*What you should do*: Look through the data below and output, unchanged, every line from the one holding "Demux2/1 -> Bus Assignment/12" through the one holding "Bus Assignment4 : BusAssignment", inclusive. Skip the pictures.

*Entries shown*:

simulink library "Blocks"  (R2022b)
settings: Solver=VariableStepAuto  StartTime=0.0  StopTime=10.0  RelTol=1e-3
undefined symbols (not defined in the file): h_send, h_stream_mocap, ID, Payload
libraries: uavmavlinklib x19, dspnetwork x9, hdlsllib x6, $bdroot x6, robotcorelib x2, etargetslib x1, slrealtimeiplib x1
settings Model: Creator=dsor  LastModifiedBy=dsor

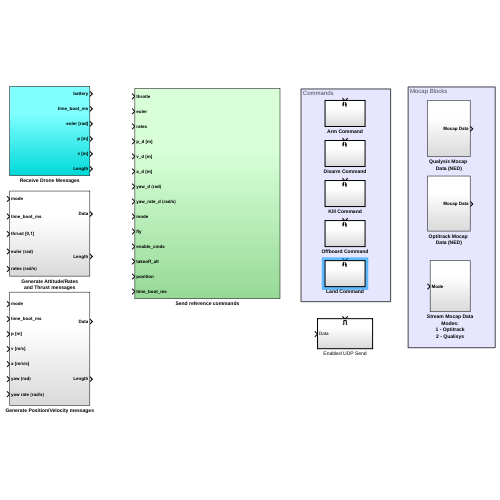
[thumbnail: Simulink's stored preview of the top-level diagram]
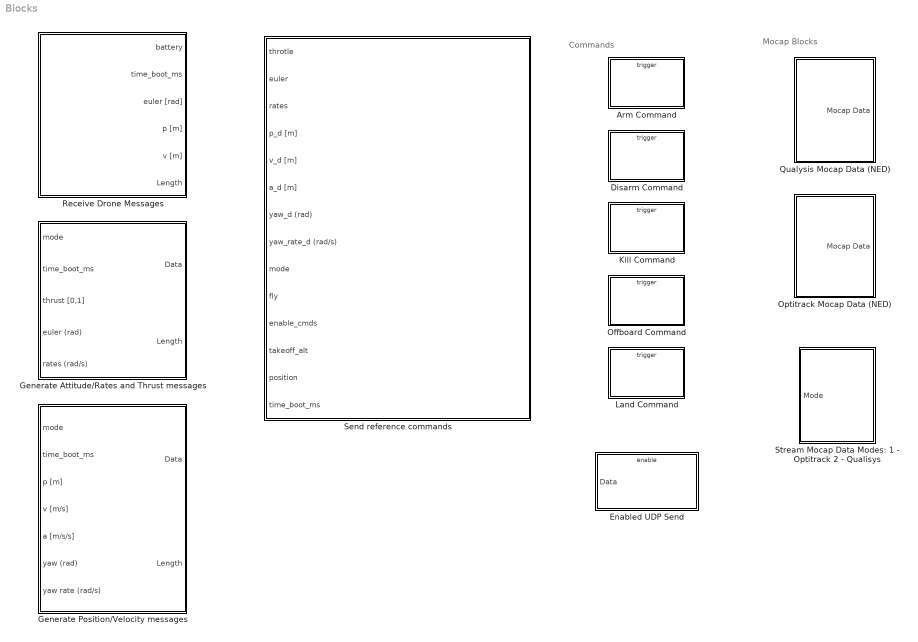
== system Blocks ==
  note: Commands
  note: Mocap Blocks
  Arm Command : Subsystem
  Disarm Command : Subsystem
  Enabled UDP Send : Subsystem
  Generate Attitude/Rates and Thrust messages : Subsystem
  Generate Position/Velocity messages : Subsystem
  Kill Command : Subsystem
  Land Command : Subsystem
  Offboard Command : Subsystem
  Optitrack Mocap Data (NED) : Subsystem
  Qualysis Mocap Data (NED) : Subsystem
  Receive Drone Messages : Subsystem
  Send reference commands : Subsystem
  Stream Mocap Data Modes: 1 - Optitrack 2 - Qualisys : Subsystem

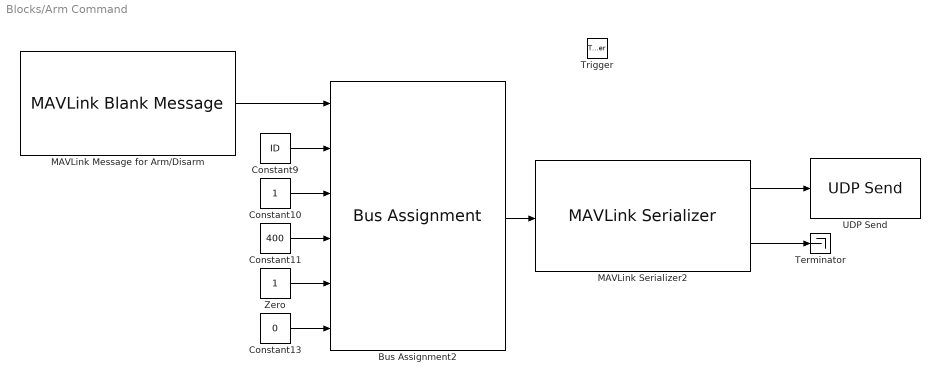
== system Blocks/Arm Command ==
  Trigger : TriggerPort  TriggerType=either  VariantControl=(inherit)  PortDimensions=1
  Bus Assignment2 : BusAssignment  AssignedSignals=Payload.target_system,Payload.target_component,Payload.command,Payload.param1,Payload.param2
  Constant10 : Constant  OutDataTypeStr=uint8
  Constant11 : Constant  Value=400  OutDataTypeStr=uint16
  Constant13 : Constant  Value=0  OutDataTypeStr=single
  Constant9 : Constant  Value=ID  OutDataTypeStr=uint8
  MAVLink Message for Arm/Disarm : uavmavlinklib/MAVLink Blank Message  dialectSource=Select from standard MAVLink dialects  dialect=common.xml  dialectCustom=common.xml  version=2  messageType=COMMAND_LONG  SystemID=255  ComponentID=240  SampleTime=-1
  MAVLink Serializer2 : uavmavlinklib/MAVLink Serializer  dialectSource=Select from standard MAVLink dialects  dialect=common.xml  dialectCustom=common.xml  version=2  messageType=COMMAND_LONG
  Terminator : Terminator
  UDP Send : dspnetwork/UDP Send  remoteURL=Remote_IP  remotePort=Remote_Port  localURL='0.0.0.0'  localPortSource=Specify via dialog  localPort=Local_Port  sendBufferSize=8192  sampletime=-1  blockPlatform=HOST  separateLengthPort=0
      settings: LibrarySourceBlock=embeddedtargetslib/Host Communication/UDP Send
  Zero : Constant  OutDataTypeStr=single
  wires:
  Zero/1 -> Bus Assignment2/5
  MAVLink Serializer2/1 -> UDP Send/1
  MAVLink Message for Arm/Disarm/1 -> Bus Assignment2/1
  Constant9/1 -> Bus Assignment2/2
  Constant13/1 -> Bus Assignment2/6
  Bus Assignment2/1 -> MAVLink Serializer2/1
  Constant10/1 -> Bus Assignment2/3
  Constant11/1 -> Bus Assignment2/4
  MAVLink Serializer2/2 -> Terminator/1

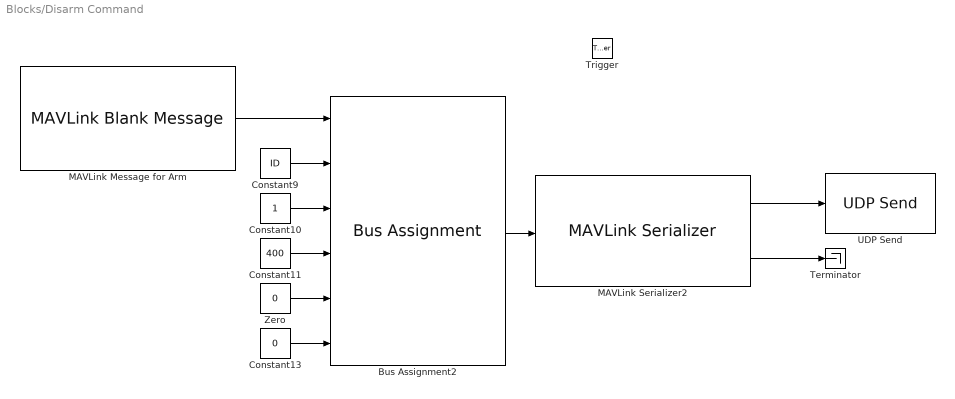
== system Blocks/Disarm Command ==
  Trigger : TriggerPort  TriggerType=either  VariantControl=(inherit)  PortDimensions=1
  Bus Assignment2 : BusAssignment  AssignedSignals=Payload.target_system,Payload.target_component,Payload.command,Payload.param1,Payload.param2
  Constant10 : Constant  OutDataTypeStr=uint8
  Constant11 : Constant  Value=400  OutDataTypeStr=uint16
  Constant13 : Constant  Value=0  OutDataTypeStr=single
  Constant9 : Constant  Value=ID  OutDataTypeStr=uint8
  MAVLink Message for Arm : uavmavlinklib/MAVLink Blank Message  dialectSource=Select from standard MAVLink dialects  dialect=common.xml  dialectCustom=common.xml  version=2  messageType=COMMAND_LONG  SystemID=255  ComponentID=240  SampleTime=-1
  MAVLink Serializer2 : uavmavlinklib/MAVLink Serializer  dialectSource=Select from standard MAVLink dialects  dialect=common.xml  dialectCustom=common.xml  version=2  messageType=COMMAND_LONG
  Terminator : Terminator
  UDP Send : dspnetwork/UDP Send  remoteURL=Remote_IP  remotePort=Remote_Port  localURL='0.0.0.0'  localPortSource=Specify via dialog  localPort=Local_Port  sendBufferSize=8192  sampletime=-1  blockPlatform=HOST  separateLengthPort=0
      settings: LibrarySourceBlock=embeddedtargetslib/Host Communication/UDP Send
  Zero : Constant  Value=0  OutDataTypeStr=single
  wires:
  Zero/1 -> Bus Assignment2/5
  MAVLink Message for Arm/1 -> Bus Assignment2/1
  Constant9/1 -> Bus Assignment2/2
  Constant13/1 -> Bus Assignment2/6
  Bus Assignment2/1 -> MAVLink Serializer2/1
  Constant10/1 -> Bus Assignment2/3
  Constant11/1 -> Bus Assignment2/4
  MAVLink Serializer2/1 -> UDP Send/1
  MAVLink Serializer2/2 -> Terminator/1

== system Blocks/Enabled UDP Send ==
  Data : Inport
  Enable : EnablePort
  UDP Send : dspnetwork/UDP Send  remoteURL=Remote_IP  remotePort=Remote_Port  localURL='0.0.0.0'  localPortSource=Specify via dialog  localPort=Local_Port  sendBufferSize=8192  sampletime=-1  blockPlatform=HOST  separateLengthPort=0
      settings: LibrarySourceBlock=embeddedtargetslib/Host Communication/UDP Send
  wires:
  Data/1 -> UDP Send/1

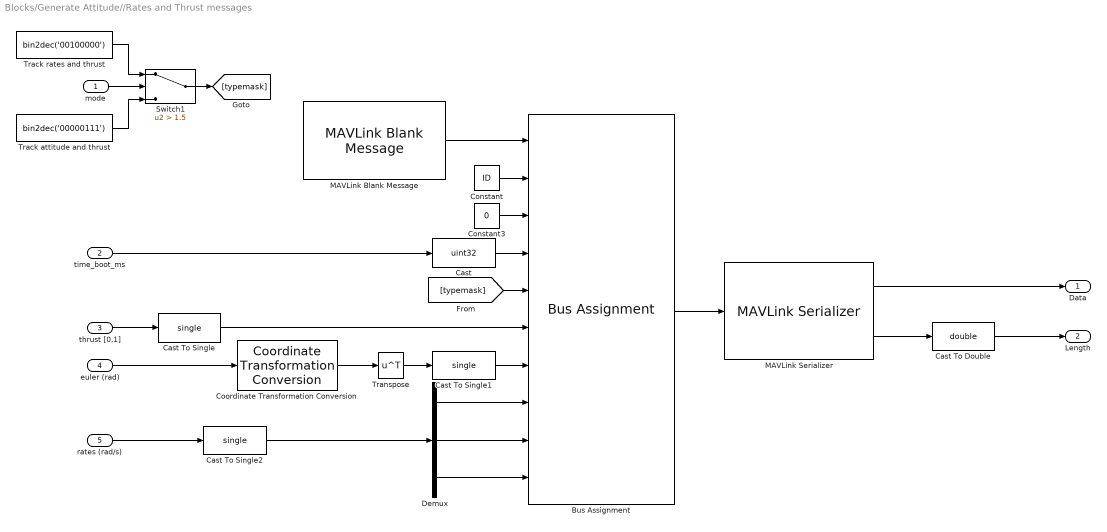
== system Blocks/Generate Attitude//Rates and Thrust messages ==
  mode : Inport  SampleTime=h_send
  time_boot_ms : Inport  Port=2  SampleTime=h_send
  thrust [0,1] : Inport  Port=3  SampleTime=h_send
  euler (rad) : Inport  Port=4  SampleTime=h_send
  rates (rad/s) : Inport  Port=5  SampleTime=h_send
  Bus Assignment : BusAssignment  AssignedSignals=Payload.target_system,Payload.target_component,Payload.time_boot_ms,Payload.type_mask,Payload.thrust,Payload.q,Payload.body_roll_rate,Payload.body_pitch_rate,Payload.body_yaw_rate
  Cast : DataTypeConversion  OutDataTypeStr=uint32  SaturateOnIntegerOverflow=off  RndMeth=Floor
  Cast To Double : DataTypeConversion  OutDataTypeStr=double  SaturateOnIntegerOverflow=off  RndMeth=Floor
  Cast To Single : DataTypeConversion  OutDataTypeStr=single  SaturateOnIntegerOverflow=off  RndMeth=Floor
  Cast To Single1 : DataTypeConversion  OutDataTypeStr=single  SaturateOnIntegerOverflow=off  RndMeth=Floor
  Cast To Single2 : DataTypeConversion  OutDataTypeStr=single  SaturateOnIntegerOverflow=off  RndMeth=Floor
  Constant : Constant  Value=ID  OutDataTypeStr=uint8  SampleTime=h_send
  Constant3 : Constant  Value=0  OutDataTypeStr=uint8  SampleTime=h_send
  Coordinate Transformation Conversion : robotcorelib/Coordinate Transformation Conversion  InputRepresentation=Euler Angles  InputEulerSequence=ZYX  ShowTrVecInputPort=on  OutputRepresentation=Quaternion  OutputEulerSequence=ZYX  ShowTrVecOutputPort=on  SimulateUsing=Interpreted execution
  Demux : Demux  Outputs=3
  MAVLink Blank Message : uavmavlinklib/MAVLink Blank Message  dialectSource=Select from standard MAVLink dialects  dialect=common.xml  dialectCustom=common.xml  version=2  messageType=SET_ATTITUDE_TARGET  SystemID=255  ComponentID=240  SampleTime=h_send
  MAVLink Serializer : uavmavlinklib/MAVLink Serializer  dialectSource=Select from standard MAVLink dialects  dialect=common.xml  dialectCustom=common.xml  version=2  messageType=SET_ATTITUDE_TARGET
  Switch1 : Switch  Criteria=u2 > Threshold  Threshold=1.5  SaturateOnIntegerOverflow=off  InputSameDT=off
  Track attitude and thrust : Constant  Value=bin2dec('00000111')  OutDataTypeStr=uint8  SampleTime=h_send
  Track rates and thrust : Constant  Value=bin2dec('00100000')  OutDataTypeStr=uint8  SampleTime=h_send
  Transpose : Math  Operator=transpose
  Data : Outport  SampleTime=h_send
  Length : Outport  Port=2  SampleTime=h_send
  wires:
  time_boot_ms/1 -> Cast/1
  MAVLink Serializer/2 -> Cast To Double/1
  Cast/1 -> Bus Assignment/4
  Cast To Single1/1 -> Bus Assignment/7
  thrust [0,1]/1 -> Cast To Single/1
  [typemask] -> Bus Assignment/5
  Transpose/1 -> Cast To Single1/1
  Constant3/1 -> Bus Assignment/3
  Constant/1 -> Bus Assignment/2
  MAVLink Blank Message/1 -> Bus Assignment/1
  Cast To Single/1 -> Bus Assignment/6
  Bus Assignment/1 -> MAVLink Serializer/1
  Coordinate Transformation Conversion/1 -> Transpose/1
  euler (rad)/1 -> Coordinate Transformation Conversion/1
  rates (rad/s)/1 -> Cast To Single2/1
  Demux/1 -> Bus Assignment/8
  Demux/2 -> Bus Assignment/9
  Demux/3 -> Bus Assignment/10
  mode/1 -> Switch1/2
  Track rates and thrust/1 -> Switch1/1
  Track attitude and thrust/1 -> Switch1/3
  Switch1/1 -> [typemask]
  Cast To Single2/1 -> Demux/1
  MAVLink Serializer/1 -> Data/1
  Cast To Double/1 -> Length/1

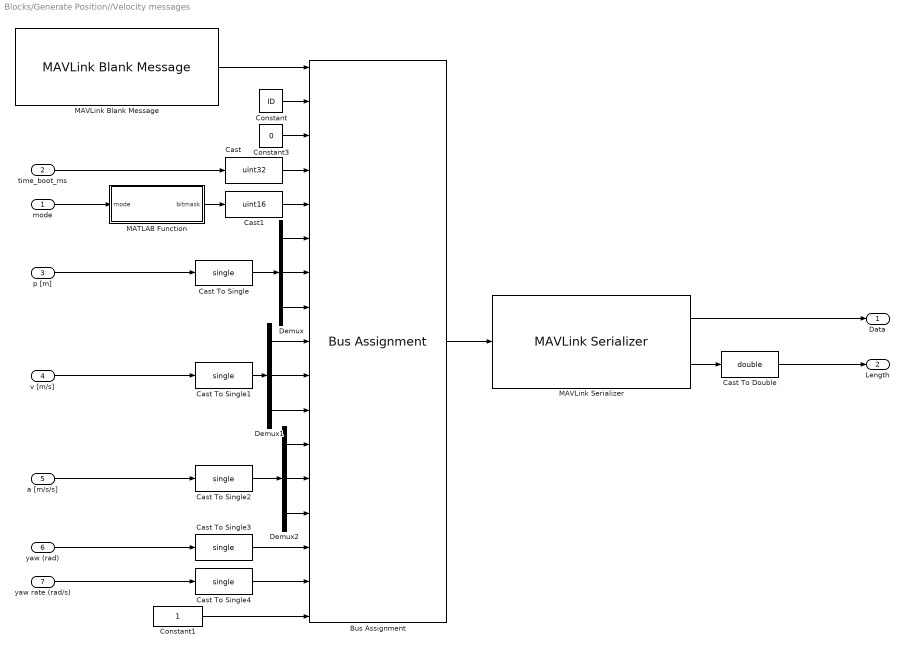
== system Blocks/Generate Position//Velocity messages ==
  mode : Inport  SampleTime=h_send
  time_boot_ms : Inport  Port=2  SampleTime=h_send
  p [m] : Inport  Port=3  SampleTime=h_send
  v [m/s] : Inport  Port=4  SampleTime=h_send
  a [m/s/s] : Inport  Port=5  SampleTime=h_send
  yaw (rad) : Inport  Port=6  SampleTime=h_send
  yaw rate (rad/s) : Inport  Port=7  SampleTime=h_send
  Bus Assignment : BusAssignment  AssignedSignals=Payload.target_system,Payload.target_component,Payload.time_boot_ms,Payload.type_mask,Payload.x,Payload.y,Payload.z,Payload.vx,Payload.vy,Payload.vz,Payload.afx,Payload.afy,Payload.afz,Payload.yaw,Payload.yaw_rate,Payload.coordinate_frame
  Cast : DataTypeConversion  OutDataTypeStr=uint32  SaturateOnIntegerOverflow=off  RndMeth=Floor
  Cast To Double : DataTypeConversion  OutDataTypeStr=double  SaturateOnIntegerOverflow=off  RndMeth=Floor
  Cast To Single{,1..4} (5 alike) : DataTypeConversion  OutDataTypeStr=single  SaturateOnIntegerOverflow=off  RndMeth=Floor
  Cast1 : DataTypeConversion  OutDataTypeStr=uint16  SaturateOnIntegerOverflow=off  RndMeth=Floor
  Constant : Constant  Value=ID  OutDataTypeStr=uint8  SampleTime=h_send
  Constant1 : Constant  OutDataTypeStr=uint8  SampleTime=h_send
  Constant3 : Constant  Value=0  OutDataTypeStr=uint8  SampleTime=h_send
  Demux : Demux  Outputs=3
  Demux1 : Demux  Outputs=3
  Demux2 : Demux  Outputs=3
  MATLAB Function : MATLAB Function  TreatAsAtomicUnit=on
  MAVLink Blank Message : uavmavlinklib/MAVLink Blank Message  dialectSource=Select from standard MAVLink dialects  dialect=common.xml  dialectCustom=common.xml  version=2  messageType=SET_POSITION_TARGET_LOCAL_NED  SystemID=255  ComponentID=240  SampleTime=h_send
  MAVLink Serializer : uavmavlinklib/MAVLink Serializer  dialectSource=Select from standard MAVLink dialects  dialect=common.xml  dialectCustom=common.xml  version=2  messageType=SET_POSITION_TARGET_LOCAL_NED
  Data : Outport  SampleTime=h_send
  Length : Outport  Port=2  SampleTime=h_send
  wires:
  Cast To Single4/1 -> Bus Assignment/16
  Cast1/1 -> Bus Assignment/5
  mode/1 -> MATLAB Function/1(mode)
  yaw rate (rad/s)/1 -> Cast To Single4/1
  Cast To Single3/1 -> Bus Assignment/15
  Cast To Single2/1 -> Demux2/1
  Cast To Single1/1 -> Demux1/1
  Cast To Single/1 -> Demux/1
  Constant1/1 -> Bus Assignment/17
  yaw (rad)/1 -> Cast To Single3/1
  Demux2/1 -> Bus Assignment/12
  Demux2/2 -> Bus Assignment/13
  Demux2/3 -> Bus Assignment/14
  a [m/s/s]/1 -> Cast To Single2/1
  v [m/s]/1 -> Cast To Single1/1
  Demux1/3 -> Bus Assignment/11
  Demux1/2 -> Bus Assignment/10
  Demux1/1 -> Bus Assignment/9
  p [m]/1 -> Cast To Single/1
  Demux/1 -> Bus Assignment/6
  Demux/2 -> Bus Assignment/7
  Demux/3 -> Bus Assignment/8
  Bus Assignment/1 -> MAVLink Serializer/1
  MAVLink Blank Message/1 -> Bus Assignment/1
  Constant/1 -> Bus Assignment/2
  Constant3/1 -> Bus Assignment/3
  MATLAB Function/1(bitmask) -> Cast1/1
  Cast/1 -> Bus Assignment/4
  MAVLink Serializer/2 -> Cast To Double/1
  time_boot_ms/1 -> Cast/1
  MAVLink Serializer/1 -> Data/1
  Cast To Double/1 -> Length/1

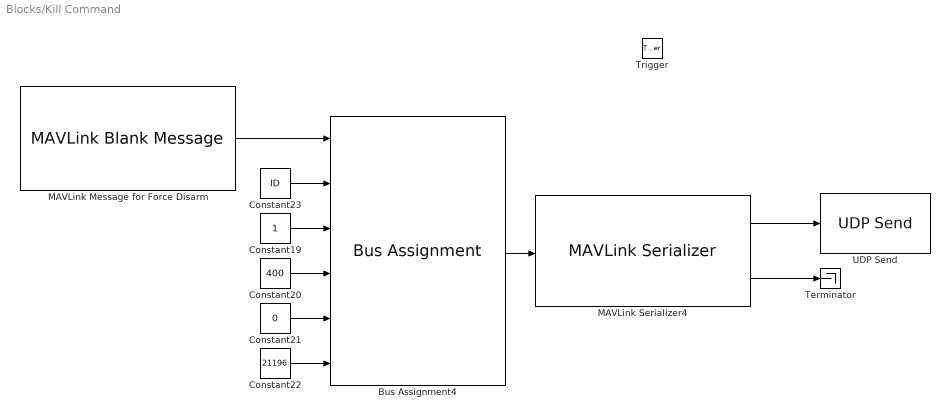
== system Blocks/Kill Command ==
  Trigger : TriggerPort  TriggerType=either  VariantControl=(inherit)  PortDimensions=1
  Bus Assignment4 : BusAssignment  AssignedSignals=Payload.target_system,Payload.target_component,Payload.command,Payload.param1,Payload.param2
  Constant19 : Constant  OutDataTypeStr=uint8
  Constant20 : Constant  Value=400  OutDataTypeStr=uint16
  Constant21 : Constant  Value=0  OutDataTypeStr=single
  Constant22 : Constant  Value=21196  OutDataTypeStr=single
  Constant23 : Constant  Value=ID  OutDataTypeStr=uint8
  MAVLink Message for Force Disarm : uavmavlinklib/MAVLink Blank Message  dialectSource=Select from standard MAVLink dialects  dialect=common.xml  dialectCustom=common.xml  version=2  messageType=COMMAND_LONG  SystemID=255  ComponentID=240  SampleTime=-1
  MAVLink Serializer4 : uavmavlinklib/MAVLink Serializer  dialectSource=Select from standard MAVLink dialects  dialect=common.xml  dialectCustom=common.xml  version=2  messageType=COMMAND_LONG
  Terminator : Terminator
  UDP Send : dspnetwork/UDP Send  remoteURL=Remote_IP  remotePort=Remote_Port  localURL='0.0.0.0'  localPortSource=Specify via dialog  localPort=Local_Port  sendBufferSize=8192  sampletime=-1  blockPlatform=HOST  separateLengthPort=0
      settings: LibrarySourceBlock=embeddedtargetslib/Host Communication/UDP Send
  wires:
  Constant20/1 -> Bus Assignment4/4
  Constant22/1 -> Bus Assignment4/6
  Constant21/1 -> Bus Assignment4/5
  MAVLink Message for Force Disarm/1 -> Bus Assignment4/1
  Bus Assignment4/1 -> MAVLink Serializer4/1
  Constant19/1 -> Bus Assignment4/3
  Constant23/1 -> Bus Assignment4/2
  MAVLink Serializer4/1 -> UDP Send/1
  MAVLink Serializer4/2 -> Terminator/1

*Written answer*:
  Demux2/1 -> Bus Assignment/12
  Demux2/2 -> Bus Assignment/13
  Demux2/3 -> Bus Assignment/14
  a [m/s/s]/1 -> Cast To Single2/1
  v [m/s]/1 -> Cast To Single1/1
  Demux1/3 -> Bus Assignment/11
  Demux1/2 -> Bus Assignment/10
  Demux1/1 -> Bus Assignment/9
  p [m]/1 -> Cast To Single/1
  Demux/1 -> Bus Assignment/6
  Demux/2 -> Bus Assignment/7
  Demux/3 -> Bus Assignment/8
  Bus Assignment/1 -> MAVLink Serializer/1
  MAVLink Blank Message/1 -> Bus Assignment/1
  Constant/1 -> Bus Assignment/2
  Constant3/1 -> Bus Assignment/3
  MATLAB Function/1(bitmask) -> Cast1/1
  Cast/1 -> Bus Assignment/4
  MAVLink Serializer/2 -> Cast To Double/1
  time_boot_ms/1 -> Cast/1
  MAVLink Serializer/1 -> Data/1
  Cast To Double/1 -> Length/1

== system Blocks/Kill Command ==
  Trigger : TriggerPort  TriggerType=either  VariantControl=(inherit)  PortDimensions=1
  Bus Assignment4 : BusAssignment  AssignedSignals=Payload.target_system,Payload.target_component,Payload.command,Payload.param1,Payload.param2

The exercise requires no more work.